PROBLEM TO WORK ON – Set down, character for character, everything in the records below from the line holding "#81=CARTESIAN_POINT('',(6.050517880848,8.520195618267,0.));" down to the line holding "#96=CARTESIAN_POINT('',(9.443829136143,2.642808118201,0.));", and no other line.

DATA SHOWN –
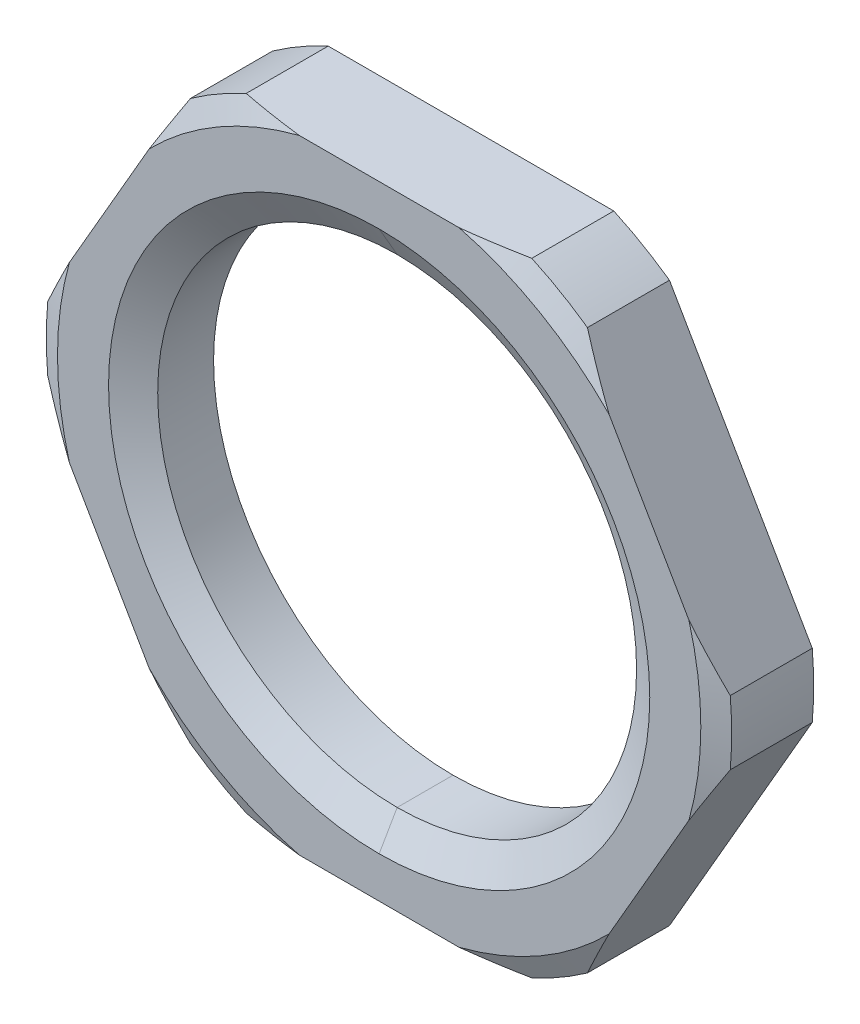
ISO-10303-21;
HEADER;
FILE_DESCRIPTION(('STEP AP214'),'2;1');
FILE_NAME('part.step','',(''),(''),'','','');
FILE_SCHEMA(('AUTOMOTIVE_DESIGN { 1 0 10303 214 1 1 1 1 }'));
ENDSEC;
DATA;
#1=APPLICATION_CONTEXT('core data for automotive mechanical design processes');
#2=APPLICATION_PROTOCOL_DEFINITION('international standard','automotive_design',2000,#1);
#3=PRODUCT_CONTEXT('',#1,'mechanical');
#4=PRODUCT('Part','Part','',(#3));
#5=PRODUCT_RELATED_PRODUCT_CATEGORY('part','',(#4));
#6=PRODUCT_DEFINITION_FORMATION('','',#4);
#7=PRODUCT_DEFINITION_CONTEXT('part definition',#1,'design');
#8=PRODUCT_DEFINITION('design','',#6,#7);
#9=PRODUCT_DEFINITION_SHAPE('','',#8);
#10=(LENGTH_UNIT() NAMED_UNIT(*) SI_UNIT(.MILLI.,.METRE.));
#11=(NAMED_UNIT(*) PLANE_ANGLE_UNIT() SI_UNIT($,.RADIAN.));
#12=(NAMED_UNIT(*) SI_UNIT($,.STERADIAN.) SOLID_ANGLE_UNIT());
#13=UNCERTAINTY_MEASURE_WITH_UNIT(LENGTH_MEASURE(1.E-05),#10,'distance_accuracy_value','');
#14=(GEOMETRIC_REPRESENTATION_CONTEXT(3) GLOBAL_UNCERTAINTY_ASSIGNED_CONTEXT((#13)) GLOBAL_UNIT_ASSIGNED_CONTEXT((#10,
#11,#12)) REPRESENTATION_CONTEXT('',''));
#15=CARTESIAN_POINT('',(0.,0.,0.));
#16=DIRECTION('',(0.,0.,1.));
#17=DIRECTION('',(1.,0.,0.));
#18=AXIS2_PLACEMENT_3D('',#15,#16,#17);
#19=CARTESIAN_POINT('',(10.40396479106,-0.979804381733,0.));
#20=DIRECTION('',(-0.866025403784429,0.500000000000017,0.));
#21=DIRECTION('',(0.,0.,1.));
#22=AXIS2_PLACEMENT_3D('',#19,#20,#21);
#23=PLANE('',#22);
#24=DIRECTION('',(-0.500000000000017,-0.866025403784429,0.));
#25=VECTOR('',#24,1.);
#26=CARTESIAN_POINT('',(9.443829136143,-2.642808118201,0.));
#27=LINE('',#26,#25);
#28=CARTESIAN_POINT('',(9.443829136143,-2.642808118201,0.));
#29=VERTEX_POINT('',#28);
#30=CARTESIAN_POINT('',(7.010653535761,-6.857191881799,0.));
#31=VERTEX_POINT('',#30);
#32=EDGE_CURVE('E427',#29,#31,#27,.T.);
#33=ORIENTED_EDGE('',*,*,#32,.T.);
#34=CARTESIAN_POINT('',(7.010653535761,-6.857191881799,0.));
#35=CARTESIAN_POINT('',(6.904427587513,-7.041180621247,-0.02458023492335));
#36=CARTESIAN_POINT('',(6.69169985566,-7.409635860995,-0.07986290593623));
#37=CARTESIAN_POINT('',(6.372595744954,-7.962340393642,-0.1799982415506));
#38=CARTESIAN_POINT('',(6.158086116641,-8.333881968593,-0.2582069995434));
#39=CARTESIAN_POINT('',(6.050517880848,-8.520195618267,-0.3));
#40=(BOUNDED_CURVE() B_SPLINE_CURVE(3,(#34,#35,#36,#37,#38,#39),.UNSPECIFIED.,.F.,
.F.) B_SPLINE_CURVE_WITH_KNOTS((4,1,1,4),(0.,0.3333333333333,0.6666666666667,1.),
.UNSPECIFIED.) CURVE() GEOMETRIC_REPRESENTATION_ITEM() RATIONAL_B_SPLINE_CURVE((1.,1.,1.,1.,1.,1.)) REPRESENTATION_ITEM(''));
#41=CARTESIAN_POINT('',(6.050517880848,-8.520195618267,-0.3));
#42=VERTEX_POINT('',#41);
#43=EDGE_CURVE('E417',#31,#42,#40,.T.);
#44=ORIENTED_EDGE('',*,*,#43,.T.);
#45=DIRECTION('',(0.,0.,-1.));
#46=VECTOR('',#45,1.);
#47=CARTESIAN_POINT('',(6.050517880848,-8.520195618267,-0.3));
#48=LINE('',#47,#46);
#49=CARTESIAN_POINT('',(6.050517880848,-8.520195618267,-2.8));
#50=VERTEX_POINT('',#49);
#51=EDGE_CURVE('E27',#42,#50,#48,.T.);
#52=ORIENTED_EDGE('',*,*,#51,.T.);
#53=DIRECTION('',(-0.500000000000017,-0.866025403784429,0.));
#54=VECTOR('',#53,1.);
#55=CARTESIAN_POINT('',(10.40396479106,-0.9798043817329,-2.8));
#56=LINE('',#55,#54);
#57=CARTESIAN_POINT('',(10.40396479106,-0.9798043817329,-2.8));
#58=VERTEX_POINT('',#57);
#59=EDGE_CURVE('E402',#58,#50,#56,.T.);
#60=ORIENTED_EDGE('',*,*,#59,.F.);
#61=DIRECTION('',(0.,0.,-1.));
#62=VECTOR('',#61,1.);
#63=CARTESIAN_POINT('',(10.40396479106,-0.9798043817329,-0.3));
#64=LINE('',#63,#62);
#65=CARTESIAN_POINT('',(10.40396479106,-0.9798043817329,-0.3));
#66=VERTEX_POINT('',#65);
#67=EDGE_CURVE('E433',#66,#58,#64,.T.);
#68=ORIENTED_EDGE('',*,*,#67,.F.);
#69=CARTESIAN_POINT('',(10.40396479106,-0.9798043817329,-0.3));
#70=CARTESIAN_POINT('',(10.29618146146,-1.166490584795,-0.2581234301219));
#71=CARTESIAN_POINT('',(10.08138362109,-1.538531357676,-0.1798240738233));
#72=CARTESIAN_POINT('',(9.762323554424,-2.091159603811,-0.07973500268764));
#73=CARTESIAN_POINT('',(9.549857941795,-2.459160839745,-0.02453461696096));
#74=CARTESIAN_POINT('',(9.443829136143,-2.642808118201,0.));
#75=(BOUNDED_CURVE() B_SPLINE_CURVE(3,(#69,#70,#71,#72,#73,#74),.UNSPECIFIED.,.F.,
.F.) B_SPLINE_CURVE_WITH_KNOTS((4,1,1,4),(0.,0.3333333333333,0.6666666666667,1.),
.UNSPECIFIED.) CURVE() GEOMETRIC_REPRESENTATION_ITEM() RATIONAL_B_SPLINE_CURVE((1.,1.,1.,1.,1.,1.)) REPRESENTATION_ITEM(''));
#76=EDGE_CURVE('E409',#66,#29,#75,.T.);
#77=ORIENTED_EDGE('',*,*,#76,.T.);
#78=EDGE_LOOP('',(#33,#44,#52,#60,#68,#77));
#79=FACE_BOUND('',#78,.T.);
#80=ADVANCED_FACE('F16',(#79),#23,.F.);
#81=CARTESIAN_POINT('',(6.050517880848,8.520195618267,0.));
#82=DIRECTION('',(-0.866025403784429,-0.500000000000017,0.));
#83=DIRECTION('',(-0.500000000000017,0.866025403784429,0.));
#84=AXIS2_PLACEMENT_3D('',#81,#82,#83);
#85=PLANE('',#84);
#86=DIRECTION('',(0.500000000000017,-0.866025403784429,0.));
#87=VECTOR('',#86,1.);
#88=CARTESIAN_POINT('',(7.010653535761,6.857191881799,0.));
#89=LINE('',#88,#87);
#90=CARTESIAN_POINT('',(7.010653535761,6.857191881799,0.));
#91=VERTEX_POINT('',#90);
#92=CARTESIAN_POINT('',(9.443829136143,2.642808118201,0.));
#93=VERTEX_POINT('',#92);
#94=EDGE_CURVE('E342',#91,#93,#89,.T.);
#95=ORIENTED_EDGE('',*,*,#94,.T.);
#96=CARTESIAN_POINT('',(9.443829136143,2.642808118201,0.));
#97=CARTESIAN_POINT('',(9.550055084391,2.458819378753,-0.02458023492335));
#98=CARTESIAN_POINT('',(9.762782816244,2.090364139005,-0.07986290593623));
#99=CARTESIAN_POINT('',(10.08188692695,1.537659606358,-0.1799982415506));
#100=CARTESIAN_POINT('',(10.29639655526,1.166118031407,-0.2582069995434));
#101=CARTESIAN_POINT('',(10.40396479106,0.979804381733,-0.3));
#102=(BOUNDED_CURVE() B_SPLINE_CURVE(3,(#96,#97,#98,#99,#100,#101),.UNSPECIFIED.,.F.,
.F.) B_SPLINE_CURVE_WITH_KNOTS((4,1,1,4),(0.,0.3333333333333,0.6666666666667,1.),
.UNSPECIFIED.) CURVE() GEOMETRIC_REPRESENTATION_ITEM() RATIONAL_B_SPLINE_CURVE((1.,1.,1.,1.,1.,1.)) REPRESENTATION_ITEM(''));
#103=CARTESIAN_POINT('',(10.40396479106,0.979804381733,-0.3));
#104=VERTEX_POINT('',#103);
#105=EDGE_CURVE('E356',#93,#104,#102,.T.);
#106=ORIENTED_EDGE('',*,*,#105,.T.);
#107=DIRECTION('',(0.,0.,-1.));
#108=VECTOR('',#107,1.);
#109=CARTESIAN_POINT('',(10.40396479106,0.979804381733,-0.3));
#110=LINE('',#109,#108);
#111=CARTESIAN_POINT('',(10.40396479106,0.9798043817329,-2.8));
#112=VERTEX_POINT('',#111);
#113=EDGE_CURVE('E372',#104,#112,#110,.T.);
#114=ORIENTED_EDGE('',*,*,#113,.T.);
#115=DIRECTION('',(0.500000000000017,-0.866025403784429,0.));
#116=VECTOR('',#115,1.);
#117=CARTESIAN_POINT('',(6.050517880848,8.520195618267,-2.8));
#118=LINE('',#117,#116);
#119=CARTESIAN_POINT('',(6.050517880848,8.520195618267,-2.8));
#120=VERTEX_POINT('',#119);
#121=EDGE_CURVE('E330',#120,#112,#118,.T.);
#122=ORIENTED_EDGE('',*,*,#121,.F.);
#123=DIRECTION('',(0.,0.,-1.));
#124=VECTOR('',#123,1.);
#125=CARTESIAN_POINT('',(6.050517880848,8.520195618267,-0.3));
#126=LINE('',#125,#124);
#127=CARTESIAN_POINT('',(6.050517880848,8.520195618267,-0.3));
#128=VERTEX_POINT('',#127);
#129=EDGE_CURVE('E11',#128,#120,#126,.T.);
#130=ORIENTED_EDGE('',*,*,#129,.F.);
#131=CARTESIAN_POINT('',(6.050517880848,8.520195618267,-0.3));
#132=CARTESIAN_POINT('',(6.15830121044,8.333509415205,-0.2581234301219));
#133=CARTESIAN_POINT('',(6.373099050813,7.961468642324,-0.1798240738233));
#134=CARTESIAN_POINT('',(6.69215911748,7.408840396189,-0.07973500268764));
#135=CARTESIAN_POINT('',(6.904624730109,7.040839160255,-0.02453461696096));
#136=CARTESIAN_POINT('',(7.010653535761,6.857191881799,0.));
#137=(BOUNDED_CURVE() B_SPLINE_CURVE(3,(#131,#132,#133,#134,#135,#136),.UNSPECIFIED.,.F.,
.F.) B_SPLINE_CURVE_WITH_KNOTS((4,1,1,4),(0.,0.3333333333333,0.6666666666667,1.),
.UNSPECIFIED.) CURVE() GEOMETRIC_REPRESENTATION_ITEM() RATIONAL_B_SPLINE_CURVE((1.,1.,1.,1.,1.,1.)) REPRESENTATION_ITEM(''));
#138=EDGE_CURVE('E263',#128,#91,#137,.T.);
#139=ORIENTED_EDGE('',*,*,#138,.T.);
#140=EDGE_LOOP('',(#95,#106,#114,#122,#130,#139));
#141=FACE_BOUND('',#140,.T.);
#142=ADVANCED_FACE('F527',(#141),#85,.F.);
#143=CARTESIAN_POINT('',(0.,0.,0.14));
#144=DIRECTION('',(0.,0.,-1.));
#145=DIRECTION('',(0.,-1.,0.));
#146=AXIS2_PLACEMENT_3D('',#143,#144,#145);
#147=CYLINDRICAL_SURFACE('',#146,10.45);
#148=ORIENTED_EDGE('',*,*,#129,.T.);
#149=CARTESIAN_POINT('',(0.,0.,-2.8));
#150=DIRECTION('',(0.,0.,-1.));
#151=DIRECTION('',(0.416597790450509,0.909090909090919,0.));
#152=AXIS2_PLACEMENT_3D('',#149,#150,#151);
#153=CIRCLE('',#152,10.45);
#154=CARTESIAN_POINT('',(4.353446910208,9.5,-2.8));
#155=VERTEX_POINT('',#154);
#156=EDGE_CURVE('E246',#155,#120,#153,.T.);
#157=ORIENTED_EDGE('',*,*,#156,.F.);
#158=DIRECTION('',(0.,0.,-1.));
#159=VECTOR('',#158,1.);
#160=CARTESIAN_POINT('',(4.353446910208,9.5,-0.3));
#161=LINE('',#160,#159);
#162=CARTESIAN_POINT('',(4.353446910208,9.5,-0.3));
#163=VERTEX_POINT('',#162);
#164=EDGE_CURVE('E170',#163,#155,#161,.T.);
#165=ORIENTED_EDGE('',*,*,#164,.F.);
#166=CARTESIAN_POINT('',(0.,0.,-0.3));
#167=DIRECTION('',(0.,0.,-1.));
#168=DIRECTION('',(0.416597790450509,0.909090909090919,0.));
#169=AXIS2_PLACEMENT_3D('',#166,#167,#168);
#170=CIRCLE('',#169,10.45);
#171=EDGE_CURVE('E254',#163,#128,#170,.T.);
#172=ORIENTED_EDGE('',*,*,#171,.T.);
#173=EDGE_LOOP('',(#148,#157,#165,#172));
#174=FACE_BOUND('',#173,.T.);
#175=ADVANCED_FACE('F584',(#174),#147,.T.);
#176=CARTESIAN_POINT('',(0.,0.,0.14));
#177=DIRECTION('',(0.,0.,-1.));
#178=DIRECTION('',(0.,-1.,0.));
#179=AXIS2_PLACEMENT_3D('',#176,#177,#178);
#180=CYLINDRICAL_SURFACE('',#179,10.45);
#181=DIRECTION('',(0.,0.,-1.));
#182=VECTOR('',#181,1.);
#183=CARTESIAN_POINT('',(4.353446910208,-9.5,-0.3));
#184=LINE('',#183,#182);
#185=CARTESIAN_POINT('',(4.353446910208,-9.5,-0.3));
#186=VERTEX_POINT('',#185);
#187=CARTESIAN_POINT('',(4.353446910208,-9.5,-2.8));
#188=VERTEX_POINT('',#187);
#189=EDGE_CURVE('E264',#186,#188,#184,.T.);
#190=ORIENTED_EDGE('',*,*,#189,.T.);
#191=CARTESIAN_POINT('',(0.,0.,-2.8));
#192=DIRECTION('',(0.,0.,-1.));
#193=DIRECTION('',(0.578996926396975,-0.815329724236064,0.));
#194=AXIS2_PLACEMENT_3D('',#191,#192,#193);
#195=CIRCLE('',#194,10.45);
#196=EDGE_CURVE('E285',#50,#188,#195,.T.);
#197=ORIENTED_EDGE('',*,*,#196,.F.);
#198=ORIENTED_EDGE('',*,*,#51,.F.);
#199=CARTESIAN_POINT('',(0.,0.,-0.3));
#200=DIRECTION('',(0.,0.,-1.));
#201=DIRECTION('',(0.578996926396975,-0.815329724236064,0.));
#202=AXIS2_PLACEMENT_3D('',#199,#200,#201);
#203=CIRCLE('',#202,10.45);
#204=EDGE_CURVE('E365',#42,#186,#203,.T.);
#205=ORIENTED_EDGE('',*,*,#204,.T.);
#206=EDGE_LOOP('',(#190,#197,#198,#205));
#207=FACE_BOUND('',#206,.T.);
#208=ADVANCED_FACE('F608',(#207),#180,.T.);
#209=CARTESIAN_POINT('',(0.,0.,0.14));
#210=DIRECTION('',(0.,0.,-1.));
#211=DIRECTION('',(0.,-1.,0.));
#212=AXIS2_PLACEMENT_3D('',#209,#210,#211);
#213=CYLINDRICAL_SURFACE('',#212,10.45);
#214=ORIENTED_EDGE('',*,*,#67,.T.);
#215=CARTESIAN_POINT('',(0.,0.,-2.8));
#216=DIRECTION('',(0.,0.,-1.));
#217=DIRECTION('',(0.995594716847482,0.0937611848548283,0.));
#218=AXIS2_PLACEMENT_3D('',#215,#216,#217);
#219=CIRCLE('',#218,10.45);
#220=EDGE_CURVE('E334',#112,#58,#219,.T.);
#221=ORIENTED_EDGE('',*,*,#220,.F.);
#222=ORIENTED_EDGE('',*,*,#113,.F.);
#223=CARTESIAN_POINT('',(0.,0.,-0.3));
#224=DIRECTION('',(0.,0.,-1.));
#225=DIRECTION('',(0.995594716847482,0.0937611848548283,0.));
#226=AXIS2_PLACEMENT_3D('',#223,#224,#225);
#227=CIRCLE('',#226,10.45);
#228=EDGE_CURVE('E366',#104,#66,#227,.T.);
#229=ORIENTED_EDGE('',*,*,#228,.T.);
#230=EDGE_LOOP('',(#214,#221,#222,#229));
#231=FACE_BOUND('',#230,.T.);
#232=ADVANCED_FACE('F611',(#231),#213,.T.);
#233=CARTESIAN_POINT('',(-10.40396479106,0.979804381733,0.));
#234=DIRECTION('',(0.866025403784429,-0.500000000000017,0.));
#235=DIRECTION('',(0.,0.,-1.));
#236=AXIS2_PLACEMENT_3D('',#233,#234,#235);
#237=PLANE('',#236);
#238=DIRECTION('',(0.500000000000017,0.866025403784429,0.));
#239=VECTOR('',#238,1.);
#240=CARTESIAN_POINT('',(-9.443829136143,2.642808118201,0.));
#241=LINE('',#240,#239);
#242=CARTESIAN_POINT('',(-9.443829136143,2.642808118201,0.));
#243=VERTEX_POINT('',#242);
#244=CARTESIAN_POINT('',(-7.010653535761,6.857191881799,0.));
#245=VERTEX_POINT('',#244);
#246=EDGE_CURVE('E272',#243,#245,#241,.T.);
#247=ORIENTED_EDGE('',*,*,#246,.T.);
#248=CARTESIAN_POINT('',(-7.010653535761,6.857191881799,0.));
#249=CARTESIAN_POINT('',(-6.904427587513,7.041180621247,-0.02458023492335));
#250=CARTESIAN_POINT('',(-6.69169985566,7.409635860995,-0.07986290593623));
#251=CARTESIAN_POINT('',(-6.372595744954,7.962340393642,-0.1799982415506));
#252=CARTESIAN_POINT('',(-6.158086116641,8.333881968593,-0.2582069995434));
#253=CARTESIAN_POINT('',(-6.050517880848,8.520195618267,-0.3));
#254=(BOUNDED_CURVE() B_SPLINE_CURVE(3,(#248,#249,#250,#251,#252,#253),.UNSPECIFIED.,.F.,
.F.) B_SPLINE_CURVE_WITH_KNOTS((4,1,1,4),(0.,0.3333333333333,0.6666666666667,1.),
.UNSPECIFIED.) CURVE() GEOMETRIC_REPRESENTATION_ITEM() RATIONAL_B_SPLINE_CURVE((1.,1.,1.,1.,1.,1.)) REPRESENTATION_ITEM(''));
#255=CARTESIAN_POINT('',(-6.050517880848,8.520195618267,-0.3));
#256=VERTEX_POINT('',#255);
#257=EDGE_CURVE('E351',#245,#256,#254,.T.);
#258=ORIENTED_EDGE('',*,*,#257,.T.);
#259=DIRECTION('',(0.,0.,-1.));
#260=VECTOR('',#259,1.);
#261=CARTESIAN_POINT('',(-6.050517880848,8.520195618267,-0.3));
#262=LINE('',#261,#260);
#263=CARTESIAN_POINT('',(-6.050517880848,8.520195618267,-2.8));
#264=VERTEX_POINT('',#263);
#265=EDGE_CURVE('E423',#256,#264,#262,.T.);
#266=ORIENTED_EDGE('',*,*,#265,.T.);
#267=DIRECTION('',(0.500000000000017,0.866025403784429,0.));
#268=VECTOR('',#267,1.);
#269=CARTESIAN_POINT('',(-10.40396479106,0.979804381733,-2.8));
#270=LINE('',#269,#268);
#271=CARTESIAN_POINT('',(-10.40396479106,0.979804381733,-2.8));
#272=VERTEX_POINT('',#271);
#273=EDGE_CURVE('E448',#272,#264,#270,.T.);
#274=ORIENTED_EDGE('',*,*,#273,.F.);
#275=DIRECTION('',(0.,0.,-1.));
#276=VECTOR('',#275,1.);
#277=CARTESIAN_POINT('',(-10.40396479106,0.979804381733,-0.3));
#278=LINE('',#277,#276);
#279=CARTESIAN_POINT('',(-10.40396479106,0.979804381733,-0.3));
#280=VERTEX_POINT('',#279);
#281=EDGE_CURVE('E41',#280,#272,#278,.T.);
#282=ORIENTED_EDGE('',*,*,#281,.F.);
#283=CARTESIAN_POINT('',(-10.40396479106,0.979804381733,-0.3));
#284=CARTESIAN_POINT('',(-10.29618146146,1.166490584795,-0.2581234301219));
#285=CARTESIAN_POINT('',(-10.08138362109,1.538531357676,-0.1798240738233));
#286=CARTESIAN_POINT('',(-9.762323554424,2.091159603811,-0.07973500268764));
#287=CARTESIAN_POINT('',(-9.549857941795,2.459160839745,-0.02453461696096));
#288=CARTESIAN_POINT('',(-9.443829136143,2.642808118201,0.));
#289=(BOUNDED_CURVE() B_SPLINE_CURVE(3,(#283,#284,#285,#286,#287,#288),.UNSPECIFIED.,.F.,
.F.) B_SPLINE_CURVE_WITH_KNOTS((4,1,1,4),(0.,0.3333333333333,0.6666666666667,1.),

RESULT BELOW –
#81=CARTESIAN_POINT('',(6.050517880848,8.520195618267,0.));
#82=DIRECTION('',(-0.866025403784429,-0.500000000000017,0.));
#83=DIRECTION('',(-0.500000000000017,0.866025403784429,0.));
#84=AXIS2_PLACEMENT_3D('',#81,#82,#83);
#85=PLANE('',#84);
#86=DIRECTION('',(0.500000000000017,-0.866025403784429,0.));
#87=VECTOR('',#86,1.);
#88=CARTESIAN_POINT('',(7.010653535761,6.857191881799,0.));
#89=LINE('',#88,#87);
#90=CARTESIAN_POINT('',(7.010653535761,6.857191881799,0.));
#91=VERTEX_POINT('',#90);
#92=CARTESIAN_POINT('',(9.443829136143,2.642808118201,0.));
#93=VERTEX_POINT('',#92);
#94=EDGE_CURVE('E342',#91,#93,#89,.T.);
#95=ORIENTED_EDGE('',*,*,#94,.T.);
#96=CARTESIAN_POINT('',(9.443829136143,2.642808118201,0.));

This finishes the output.